C’mon, Mr. Schmidt, do the right thing. Don’t be evil. It’s even in your best interest!

(Note: I have specifically suggested that a news-provider revenue-share program be limited to Google News, because it tracks a limited and select number of news providers. Sharing revenues on web searches that lead people to news sites is more troubling; it could mean that all manner of websites want their cut. Let’s not go there just now.)
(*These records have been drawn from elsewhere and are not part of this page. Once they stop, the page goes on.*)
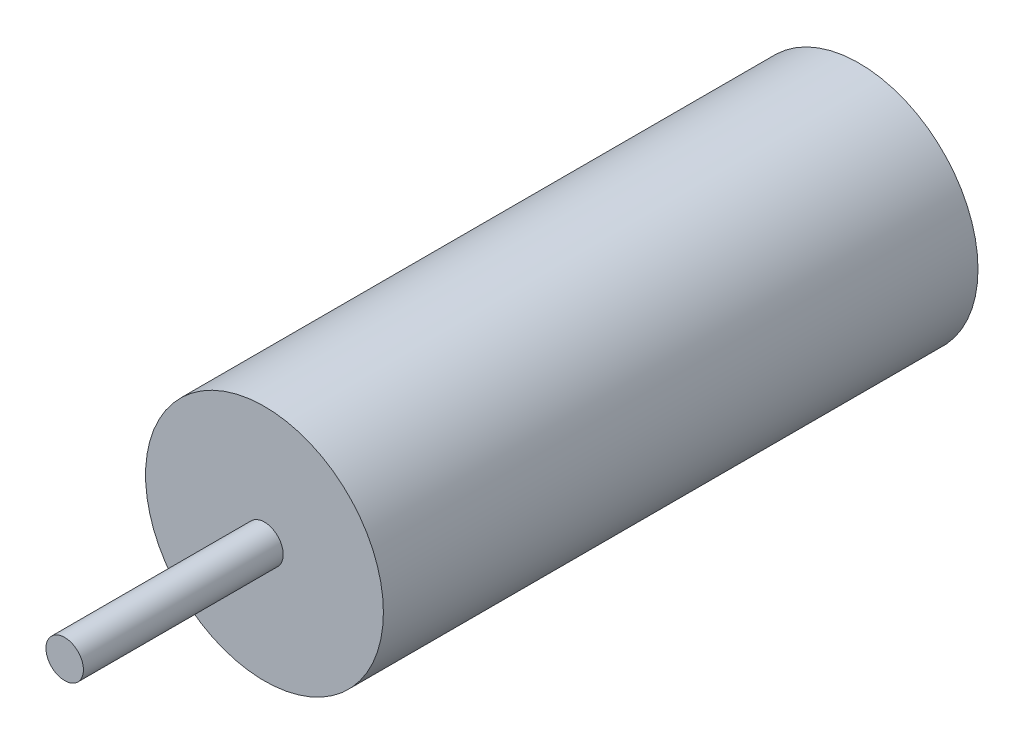
ISO-10303-21;
HEADER;
FILE_DESCRIPTION(('STEP AP214'),'2;1');
FILE_NAME('part.step','',(''),(''),'','','');
FILE_SCHEMA(('AUTOMOTIVE_DESIGN { 1 0 10303 214 1 1 1 1 }'));
ENDSEC;
DATA;
#1=APPLICATION_CONTEXT('core data for automotive mechanical design processes');
#2=APPLICATION_PROTOCOL_DEFINITION('international standard','automotive_design',2000,#1);
#3=PRODUCT_CONTEXT('',#1,'mechanical');
#4=PRODUCT('Part','Part','',(#3));
#5=PRODUCT_RELATED_PRODUCT_CATEGORY('part','',(#4));
#6=PRODUCT_DEFINITION_FORMATION('','',#4);
#7=PRODUCT_DEFINITION_CONTEXT('part definition',#1,'design');
#8=PRODUCT_DEFINITION('design','',#6,#7);
#9=PRODUCT_DEFINITION_SHAPE('','',#8);
#10=(LENGTH_UNIT() NAMED_UNIT(*) SI_UNIT(.MILLI.,.METRE.));
#11=(NAMED_UNIT(*) PLANE_ANGLE_UNIT() SI_UNIT($,.RADIAN.));
#12=(NAMED_UNIT(*) SI_UNIT($,.STERADIAN.) SOLID_ANGLE_UNIT());
#13=UNCERTAINTY_MEASURE_WITH_UNIT(LENGTH_MEASURE(1.E-05),#10,'distance_accuracy_value','');
#14=(GEOMETRIC_REPRESENTATION_CONTEXT(3) GLOBAL_UNCERTAINTY_ASSIGNED_CONTEXT((#13)) GLOBAL_UNIT_ASSIGNED_CONTEXT((#10,
#11,#12)) REPRESENTATION_CONTEXT('',''));
#15=CARTESIAN_POINT('',(0.,0.,0.));
#16=DIRECTION('',(0.,0.,1.));
#17=DIRECTION('',(1.,0.,0.));
#18=AXIS2_PLACEMENT_3D('',#15,#16,#17);
#19=CARTESIAN_POINT('',(0.,0.,127.));
#20=DIRECTION('',(0.,0.,-1.));
#21=DIRECTION('',(-1.,0.,0.));
#22=AXIS2_PLACEMENT_3D('',#19,#20,#21);
#23=CYLINDRICAL_SURFACE('',#22,25.4);
#24=CARTESIAN_POINT('',(0.,0.,127.));
#25=DIRECTION('',(0.,0.,1.));
#26=DIRECTION('',(1.,0.,0.));
#27=AXIS2_PLACEMENT_3D('',#24,#25,#26);
#28=CIRCLE('',#27,25.4);
#29=CARTESIAN_POINT('',(25.4,0.,127.));
#30=VERTEX_POINT('',#29);
#31=EDGE_CURVE('E12',#30,#30,#28,.T.);
#32=ORIENTED_EDGE('',*,*,#31,.F.);
#33=EDGE_LOOP('',(#32));
#34=FACE_BOUND('',#33,.T.);
#35=CARTESIAN_POINT('',(0.,0.,0.));
#36=DIRECTION('',(0.,0.,1.));
#37=DIRECTION('',(1.,0.,0.));
#38=AXIS2_PLACEMENT_3D('',#35,#36,#37);
#39=CIRCLE('',#38,25.4);
#40=CARTESIAN_POINT('',(25.4,0.,0.));
#41=VERTEX_POINT('',#40);
#42=EDGE_CURVE('E46',#41,#41,#39,.T.);
#43=ORIENTED_EDGE('',*,*,#42,.T.);
#44=EDGE_LOOP('',(#43));
#45=FACE_BOUND('',#44,.T.);
#46=ADVANCED_FACE('F43',(#34,#45),#23,.T.);
#47=CARTESIAN_POINT('',(0.,0.,127.));
#48=DIRECTION('',(0.,0.,1.));
#49=DIRECTION('',(1.,0.,0.));
#50=AXIS2_PLACEMENT_3D('',#47,#48,#49);
#51=PLANE('',#50);
#52=CARTESIAN_POINT('',(0.,0.,127.));
#53=DIRECTION('',(0.,0.,1.));
#54=DIRECTION('',(1.,0.,0.));
#55=AXIS2_PLACEMENT_3D('',#52,#53,#54);
#56=CIRCLE('',#55,4.0005);
#57=CARTESIAN_POINT('',(4.0005,0.,127.));
#58=VERTEX_POINT('',#57);
#59=EDGE_CURVE('E55',#58,#58,#56,.T.);
#60=ORIENTED_EDGE('',*,*,#59,.F.);
#61=EDGE_LOOP('',(#60));
#62=FACE_BOUND('',#61,.T.);
#63=ORIENTED_EDGE('',*,*,#31,.T.);
#64=EDGE_LOOP('',(#63));
#65=FACE_BOUND('',#64,.T.);
#66=ADVANCED_FACE('F70',(#62,#65),#51,.T.);
#67=CARTESIAN_POINT('',(0.,0.,0.));
#68=DIRECTION('',(0.,0.,1.));
#69=DIRECTION('',(1.,0.,0.));
#70=AXIS2_PLACEMENT_3D('',#67,#68,#69);
#71=PLANE('',#70);
#72=ORIENTED_EDGE('',*,*,#42,.F.);
#73=EDGE_LOOP('',(#72));
#74=FACE_BOUND('',#73,.T.);
#75=ADVANCED_FACE('F66',(#74),#71,.F.);
#76=CARTESIAN_POINT('',(0.,0.,169.672));
#77=DIRECTION('',(0.,0.,-1.));
#78=DIRECTION('',(-1.,0.,0.));
#79=AXIS2_PLACEMENT_3D('',#76,#77,#78);
#80=CYLINDRICAL_SURFACE('',#79,4.0005);
#81=CARTESIAN_POINT('',(0.,0.,169.672));
#82=DIRECTION('',(0.,0.,1.));
#83=DIRECTION('',(1.,0.,0.));
#84=AXIS2_PLACEMENT_3D('',#81,#82,#83);
#85=CIRCLE('',#84,4.0005);
#86=CARTESIAN_POINT('',(4.0005,0.,169.672));
#87=VERTEX_POINT('',#86);
#88=EDGE_CURVE('E53',#87,#87,#85,.T.);
#89=ORIENTED_EDGE('',*,*,#88,.F.);
#90=EDGE_LOOP('',(#89));
#91=FACE_BOUND('',#90,.T.);
#92=ORIENTED_EDGE('',*,*,#59,.T.);
#93=EDGE_LOOP('',(#92));
#94=FACE_BOUND('',#93,.T.);
#95=ADVANCED_FACE('F63',(#91,#94),#80,.T.);
#96=CARTESIAN_POINT('',(0.,0.,169.672));
#97=DIRECTION('',(0.,0.,1.));
#98=DIRECTION('',(1.,0.,0.));
#99=AXIS2_PLACEMENT_3D('',#96,#97,#98);
#100=PLANE('',#99);
#101=ORIENTED_EDGE('',*,*,#88,.T.);
#102=EDGE_LOOP('',(#101));
#103=FACE_BOUND('',#102,.T.);
#104=ADVANCED_FACE('F61',(#103),#100,.T.);
#105=CLOSED_SHELL('',(#46,#66,#75,#95,#104));
#106=MANIFOLD_SOLID_BREP('B2',#105);
#107=ADVANCED_BREP_SHAPE_REPRESENTATION('',(#18,#106),#14);
#108=SHAPE_DEFINITION_REPRESENTATION(#9,#107);
ENDSEC;
END-ISO-10303-21;

Author: Steve Outing Steve Outing is a Boulder, Colorado-based media futurist, digital-news innovator, consultant, journalist, and educator. ... Need assistance with media-company future strategy? Get in touch with Steve!

41 Responses to "To Eric Schmidt: What happened to ‘Don’t Be Evil’?"

  1. Graham
    Graham 8 years ago .Reply

    Your note at bottom is revealing.

    You argue that newspapers deserve special treatment. The newspaper business is indeed special in that its products are disproportionately seen as a public good, but if that’s the reason for giving money then there are other public goods out there.

    You also argue that Google should do this for its own good. If that’s the case, it should invest in a wide range of content creation that creates material people would search for.

    The principle behind your argument is not to support the public good, but rather to prop up one kind of public good. I really value the good newspapers provide, and I have lots of friends who depend on their survival for employment. I just wish the arguments for saving their jobs were less fixated on the specific businesses and the specific form of public good production.

  2. Josh Young
    Josh Young 8 years ago .Reply

    Do you really think that Google News could generate sufficient profit to prop up not just a handful of newspapers but all the newspapers it links to? I haven’t seen any great estimates of what profit Google News could generate if Google fully exploited its potential to carry ads, but it very probably insufficient to help much at all.

    The idea that profit-sharing from Google News could tip the balance without other changes, including “unthinkable” changes in comparison to which this kind of subsidy would be trivial, just isn’t credible.

    (Note as well that the $100MM figure sometimes thrown around couldn’t even be counted on as a base since it almost certainly involves revenues from, which you’re ruling out.)

    It’s also worth mentioning that no one actually really loves Google News anyhow. Just by way of anecdotal evidence: its traffic is only a fraction of that of Yahoo News.

    By the way, “Don’t be evil” is Paul Bucheit’s phrase, not Larry and Sergey’s:

  3. Steve Outing
    Steve Outing 8 years ago .Reply

    Graham: Wait a minute! I tried to be expressly clear that this is about supporting watchdog journalism in all its forms, whether done by a 150-year-old newspaper’s website or a digital-only start-up like or a news blogger. Newspapers don’t get special Google treatment in my mind.

    As to my note at the bottom, Google News is a targeted service; a program for the limited number of news providers tracked by GN is doable. Applying it to searches: lots of tricky issues there and probably impossible to implement, nor would it be in Google shareholders’ interest.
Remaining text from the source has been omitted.